Когда в то утро она подошла к лежащей на полу в кухне тете Оксане, то не почувствовала ни жалости, ни сострадания. Просто стояла и смотрела на эту колоду.

А потом ей на ум пришла мать. Но не та, которую она порой воскрешала в мечтах, не юная восхитительная королевна из старой сказки. А подурневшая, костлявая фурия с седыми неопрятными космами, сумасшедшая, будто мартовский заяц, мегера, которая часами рассказывала десятилетней дочери, как хорошо им будет всем вместе, когда они отправятся к мертвому отцу. Та, что стояла возле ее кровати, вглядываясь в лицо ребенка с диким, безумным торжеством. Стояла, сжимая в руках подушку.

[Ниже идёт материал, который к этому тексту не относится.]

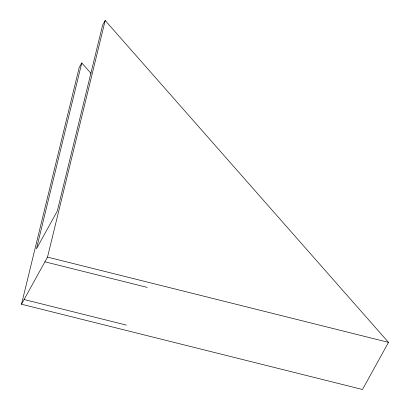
<?xml version="1.0" encoding="UTF-8"?>
<svg xmlns="http://www.w3.org/2000/svg" width="410" height="410" viewBox="0 0 410 410"><rect width="100%" height="100%" fill="white"/><g stroke="black" fill="none" stroke-linecap="round" stroke-linejoin="round"><path stroke-width="0.61" d="M81.78 62.92L36.459 248.819L57.277 211.114L102.592 25.215L105.196 20.5L388.501 342.37L362.481 389.5L21.499 304.23L79.176 67.629L81.78 62.92L91.087 73.498M21.499 304.23L47.519 257.101L105.196 20.5M47.519 257.101L388.501 342.37M44.915 261.811L147.21 287.395M24.103 299.515L126.398 325.099"/></g></svg>

Ангелина, не успев задуматься о том, что делает, побежала в комнату и схватила одну из теткиных подушек. Вот-вот она положила бы ее на одутловатое запрокинутое лицо, а сама навалилась бы сверху. Она так отчетливо представила, как трепыхается под ней ослабленное ударом грузное рыхлое тело, как тетка хрипит и корчится, а потом перестает сопротивляться, как безжизненно обмякает. Тетя Оксана была еще жива, а Лина мысленным взором видела ее мертвое пожелтевшее лицо, раззявленный, безмолвный рот, выпученные тусклые глаза – и такой она нравилась Лине куда больше.

Наверное, если бы она и сделала то, что так живо представила себе, никаких следов не осталось бы. И никто ни в чем ее не заподозрил бы. Да и как подозревать скромную, талантливую девушку в жестоком убийстве беспомощного, полуживого человека? Думать такое на бедняжку-сироту, которая перенесла уже столько ударов судьбы?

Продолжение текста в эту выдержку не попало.